Corrective Actions & Prevention

This incident exposed a machine failure mode we had not yet designed for. The following changes have been implemented and will be rolled out in the next week:

  • Detect and time out slow gRPC connections from internal clients. Internal gRPC clients will detect connections that are alive but unresponsive, and tear them down so they can re-establish against a healthy instance.
  • Improved load balancing between gRPC servers. Retries from internal clients will spread across alternative instances, so a single slow server cannot black-hole a meaningful share of traffic.
  • Reduce inline auth refresh timeout to 1 second. This allows the local in-process auth cache fallback to engage well within the timeout budget that client SDKs typically use.
  • Allow client-driven cross-region failover to function when auth has failed. Region failover will no longer depend on passing the auth gate, so a degraded auth service in one region cannot prevent clients from reaching a healthy region.
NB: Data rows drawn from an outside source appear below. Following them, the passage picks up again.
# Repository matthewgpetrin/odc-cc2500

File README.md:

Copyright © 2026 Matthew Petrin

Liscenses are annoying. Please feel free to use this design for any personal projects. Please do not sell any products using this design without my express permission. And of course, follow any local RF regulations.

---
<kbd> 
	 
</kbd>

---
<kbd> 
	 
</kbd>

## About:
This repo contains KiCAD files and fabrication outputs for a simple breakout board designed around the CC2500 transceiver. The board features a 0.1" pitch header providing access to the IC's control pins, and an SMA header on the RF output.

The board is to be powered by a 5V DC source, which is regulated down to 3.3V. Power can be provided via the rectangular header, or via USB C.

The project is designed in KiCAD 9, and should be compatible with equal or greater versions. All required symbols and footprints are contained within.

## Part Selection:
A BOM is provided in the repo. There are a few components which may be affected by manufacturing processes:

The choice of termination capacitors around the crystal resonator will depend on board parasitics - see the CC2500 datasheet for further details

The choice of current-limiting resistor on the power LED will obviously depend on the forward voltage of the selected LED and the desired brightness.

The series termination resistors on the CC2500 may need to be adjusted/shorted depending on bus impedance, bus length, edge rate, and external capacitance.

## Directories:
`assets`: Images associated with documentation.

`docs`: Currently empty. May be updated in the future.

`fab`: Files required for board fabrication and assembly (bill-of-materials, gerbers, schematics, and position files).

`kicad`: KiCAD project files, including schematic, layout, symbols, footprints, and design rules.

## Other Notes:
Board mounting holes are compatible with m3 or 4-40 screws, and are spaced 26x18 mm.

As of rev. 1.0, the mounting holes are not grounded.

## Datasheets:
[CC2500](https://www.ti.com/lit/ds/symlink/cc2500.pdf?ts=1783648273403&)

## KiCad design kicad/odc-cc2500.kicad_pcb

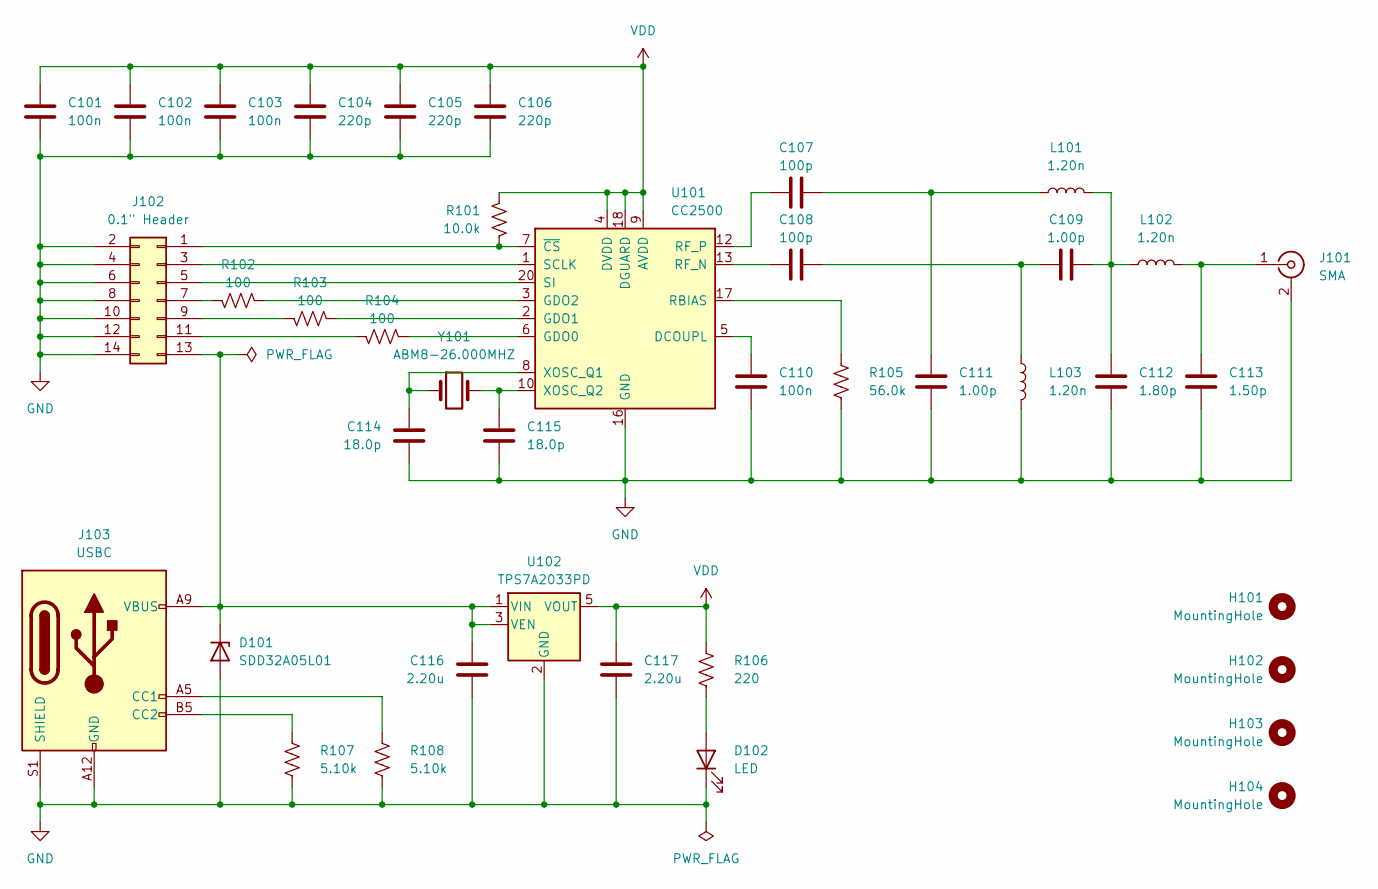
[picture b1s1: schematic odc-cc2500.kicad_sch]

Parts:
C101, C102, C103, C110: 100n; C_0402_1005Metric; Mfr. PN GCM155R71H104KE02D; Digikey PN 490-10672-1-ND
C104, C105, C106: 220p; C_0402_1005Metric; Mfr. PN GRM1555C1H221JA01D; Digikey PN 490-1293-1-ND
C107, C108: 100p; C_0402_1005Metric; Mfr. PN GRM1555C1H101JA01D; Digikey PN 490-5922-1-ND
C109, C111: 1.00p; C_0402_1005Metric; Mfr. PN GRM1555C1H1R0BA01D; Digikey PN 490-6206-1-ND
C112: 1.80p; C_0402_1005Metric; Mfr. PN GJM1555C1H1R8BB01D; Digikey PN 490-8089-1-ND
C113: 1.50p; C_0402_1005Metric; Mfr. PN GJM1555C1H1R5BB01D; Digikey PN 490-8087-1-ND
C114, C115: 18.0p; C_0402_1005Metric; Mfr. PN GRM1555C1H180JA01D; Digikey PN 490-5858-1-ND
C116, C117: 2.20u; C_0402_1005Metric; Mfr. PN GRM155Z71A225KE44D; Digikey PN 490-GRM155Z71A225KE44DCT-ND
D101: SDD32A05L01; D_SOD-323; Mfr. PN SDD32A05L01; Digikey PN 13-SDD32A05L01CT-ND
D102: LED; LED_0603_1608Metric; Mfr. PN SML-D12M8WT86; Digikey PN 846-SML-D12M8WT86CT-ND
H101, H102, H103, H104: MountingHole; MountingHole_3.2mm_M3_DIN965_Pad
J101: SMA; SMA_Samtec_SMA-J-P-H-ST-EM1_EdgeMount; Mfr. PN SMA-J-P-H-ST-EM1; Digikey PN SAM8857-ND
J102: 0.1" Header; PinHeader_2x07_P2.54mm_Vertical; Mfr. PN PH2-14-UA; Digikey PN 2057-PH2-14-UA-ND
J103: USBC; USB_C_Receptacle_HRO_TYPE-C-31-M-17; Mfr. PN 10164359-00011LF; Digikey PN 609-10164359-00011LFCT-ND
L101, L102, L103: 1.20n; L_0402_1005Metric; Mfr. PN LQG15HS1N2B02D; Digikey PN 490-LQG15HS1N2B02DCT-ND
R101: 10.0k; R_0402_1005Metric; Mfr. PN ERJ-2GEJ103X; Digikey PN P10KJCT-ND
R102, R103, R104: 100; R_0402_1005Metric; Mfr. PN ERJ-2GEJ101X; Digikey PN P100JCT-ND
R105: 56.0k; R_0402_1005Metric; Mfr. PN ERJ-2RKF5602X; Digikey PN P56.0KLCT-ND
R106: 220; R_0402_1005Metric; Mfr. PN ERJ-2RKF2200X; Digikey PN P220LCT-ND
R107, R108: 5.10k; R_0402_1005Metric; Mfr. PN ERJ-2RKF5101X; Digikey PN P5.10KLCT-ND
U101: CC2500; Texas_RGP0020H_VQFN-20-1EP_4x4mm_P0.5mm_EP2.4x2.4mm; Mfr. PN CC2500RGPR; Digikey PN 296-38562-1-ND
U102: TPS7A2033PD; SOT-23-5; Mfr. PN TPS7A2033PDBVR; Digikey PN 296-TPS7A2033PDBVRCT-ND
Y101: ABM8-26.000MHZ; Crystal_SMD_3225-4Pin_3.2x2.5mm; Mfr. PN ABM8-26.000MHz-10-D-1-G-T; Digikey PN 535-15004-1-ND

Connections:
GND: C101.1, C102.1, C103.1, C104.1, C105.1, C106.1, C110.1, C111.1, C112.1, C113.1, C114.1, C115.1, C116.1, C117.1, D101.2 (A), D102.1 (K), J101.2 (Ext), J102.2, J102.4, J102.6, J102.8, J102.10, J102.12, J102.14, J103.A12 (GND), J103.B12 (GND), J103.S1 (SHIELD), L103.1, R105.2, R107.2, R108.2, U101.16 (GND), U101.19 (GND), U101.21 (GND), U102.2 (GND)
unnamed: C107.1, C111.2, L101.2
unnamed: C108.1, C109.2, L103.2
unnamed: C109.1, C112.2, L101.1, L102.2
unnamed: C116.2, D101.1 (K), J102.13, J103.A9 (VBUS), J103.B9 (VBUS), U102.1 (VIN), U102.3 (VEN)
unnamed: D102.2 (A), R106.2
unnamed: C113.2, J101.1 (In), L102.1
unnamed: J102.1, R101.2, U101.7 (~CS)
unnamed: J102.3, U101.1 (SCLK)
unnamed: J102.5, U101.20 (SI)
unnamed: J102.7, R102.2
unnamed: J102.9, R103.2
unnamed: J102.11, R104.2
unnamed: J103.A5 (CC1), R108.1
unnamed: J103.B5 (CC2), R107.1
unnamed: C110.2, U101.5 (DCOUPL)
unnamed: R104.1, U101.6 (GDO0)
unnamed: R103.1, U101.2 (GDO1)
unnamed: R102.1, U101.3 (GDO2)
unnamed: R105.1, U101.17 (RBIAS)
unnamed: C108.2, U101.13 (RF_N)
unnamed: C107.2, U101.12 (RF_P)
unnamed: C114.2, U101.8 (XOSC_Q1), Y101.1
unnamed: C115.2, U101.10 (XOSC_Q2), Y101.3
VDD: C101.2, C102.2, C103.2, C104.2, C105.2, C106.2, C117.2, R101.1, R106.1, U101.4 (DVDD), U101.9 (AVDD), U101.11 (AVDD), U101.14 (AVDD), U101.15 (AVDD), U101.18 (DGUARD), U102.5 (VOUT)

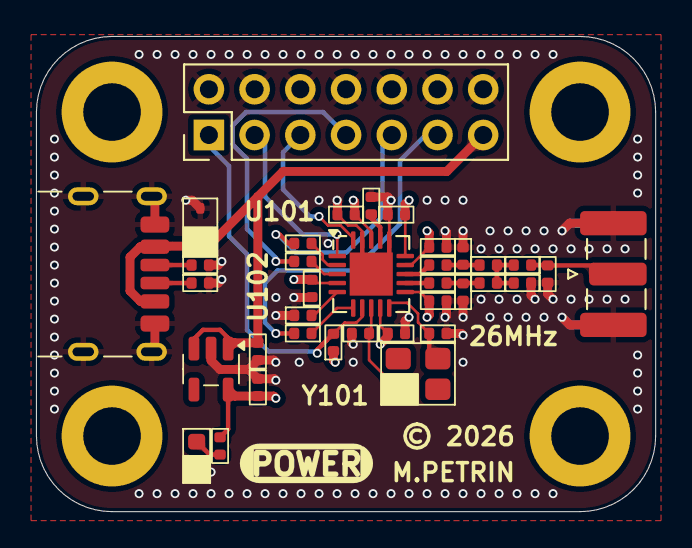
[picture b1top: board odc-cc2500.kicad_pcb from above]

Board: 4 copper layers, 34.4 x 26.4 mm, 40 parts (0 on the bottom side), 25 nets.

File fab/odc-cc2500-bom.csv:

"Reference","Qty","Value","Manufacturer","Mfr. PN","Digikey PN","Mouser PN"
"C101,C102,C103,C110","4","100n","Murata","GCM155R71H104KE02D","490-10672-1-ND","81-GCM155R71H104KE2D"
"C104,C105,C106","3","220p","Murata","GRM1555C1H221JA01D","490-1293-1-ND","81-GRM1555C1H221JA01"
"C107,C108","2","100p","Murata","GRM1555C1H101JA01D","490-5922-1-ND","81-GRM1555C1H101JA1D"
"C109,C111","2","1.00p","Murata","GRM1555C1H1R0BA01D","490-6206-1-ND","81-GRM1555C1H1R0BA1D"
"C112","1","1.80p","Murata","GJM1555C1H1R8BB01D","490-8089-1-ND","81-GJM1555C1H1R8BB01"
"C113","1","1.50p","Murata","GJM1555C1H1R5BB01D","490-8087-1-ND","81-GJM1555C1H1R5BB1D"
"C114,C115","2","18.0p","Murata","GRM1555C1H180JA01D","490-5858-1-ND","81-GRM1555C1H180JA1D"
"C116,C117","2","2.20u","Murata","GRM155Z71A225KE44D","490-GRM155Z71A225KE44DCT-ND","81-GRM155Z71A225KE4D"
"D101","1","SDD32A05L01","YAGEO","SDD32A05L01","13-SDD32A05L01CT-ND","603-SDD32A05L01"
"D102","1","LED","Rohm","SML-D12M8WT86","846-SML-D12M8WT86CT-ND","755-SML-D12M8WT86"
"J101","1","SMA","Samtec","SMA-J-P-H-ST-EM1","SAM8857-ND","200-SMAJPHSTEM1"
"J102","1","0.1"" Header","Adam Tech","PH2-14-UA","2057-PH2-14-UA-ND","737-PH2-14-UA"
"J103","1","USBC","Amphenol ICC","10164359-00011LF","609-10164359-00011LFCT-ND","649-10164359-00011LF"
"L101,L102,L103","3","1.20n","Murata","LQG15HS1N2B02D","490-LQG15HS1N2B02DCT-ND","81-LQG15HS1N2B02D"
"R101","1","10.0k","Panasonic","ERJ-2GEJ103X","P10KJCT-ND","667-ERJ-2GEJ103X"
"R102,R103,R104","3","100","Panasonic","ERJ-2GEJ101X","P100JCT-ND","667-ERJ-2GEJ101X"
"R105","1","56.0k","Panasonic","ERJ-2RKF5602X","P56.0KLCT-ND","667-ERJ-2RKF5602X"
"R106","1","220","Panasonic","ERJ-2RKF2200X","P220LCT-ND","667-ERJ-2RKF2200X"
"R107,R108","2","5.10k","Panasonic","ERJ-2RKF5101X","P5.10KLCT-ND","667-ERJ-2RKF5101X"
"U101","1","CC2500","Texas Instruments","CC2500RGPR","296-38562-1-ND","595-CC2500RGPR"
"U102","1","TPS7A2033PD","Texas Instruments","TPS7A2033PDBVR","296-TPS7A2033PDBVRCT-ND","595-TPS7A2033PDBVR"
"Y101","1","ABM8-26.000MHZ","Abracon","ABM8-26.000MHz-10-D-1-G-T","535-15004-1-ND","815-M826000MHZ10D1GT"

We sincerely apologize for the disruption to customers whose traffic was affected. Thank you for your patience, and we welcome any additional feedback from customers who were impacted.

Posted May 30, 2026 - 11:19 PDT

Resolved

Connection errors have remained cleared since the US East drain at 15:44 UTC, and as of 19:30 UTC, US East is back online. We'll share a detailed RCA in the coming days.
Posted May 28, 2026 - 13:13 PDT

Update

Service is operating normally with traffic routing through other regions. We are working on bringing US East back online and will share a detailed RCA once complete.
Posted May 28, 2026 - 11:27 PDT

Update

Connection errors have fully cleared since the US East drain completed at 15:44 UTC. We'll continue monitoring. We will be sharing a detailed RCA.
Posted May 28, 2026 - 09:27 PDT

Monitoring

US East drain is complete and all new traffic is now routing to other regions. Error rate is trending down and we'll continue monitoring.
Posted May 28, 2026 - 08:50 PDT

Identified

We are observing database connection timeouts in the US East region and are currently seeing an impact to all services in the region. We are currently draining the region and routing away all traffic to other regions.
Posted May 28, 2026 - 08:35 PDT

Investigating

We are currently investigating reports of spikes in participant connection latency and errors
Posted May 28, 2026 - 07:53 PDT
This incident affected: Regional Real Time Communication (US East - Real Time Communication).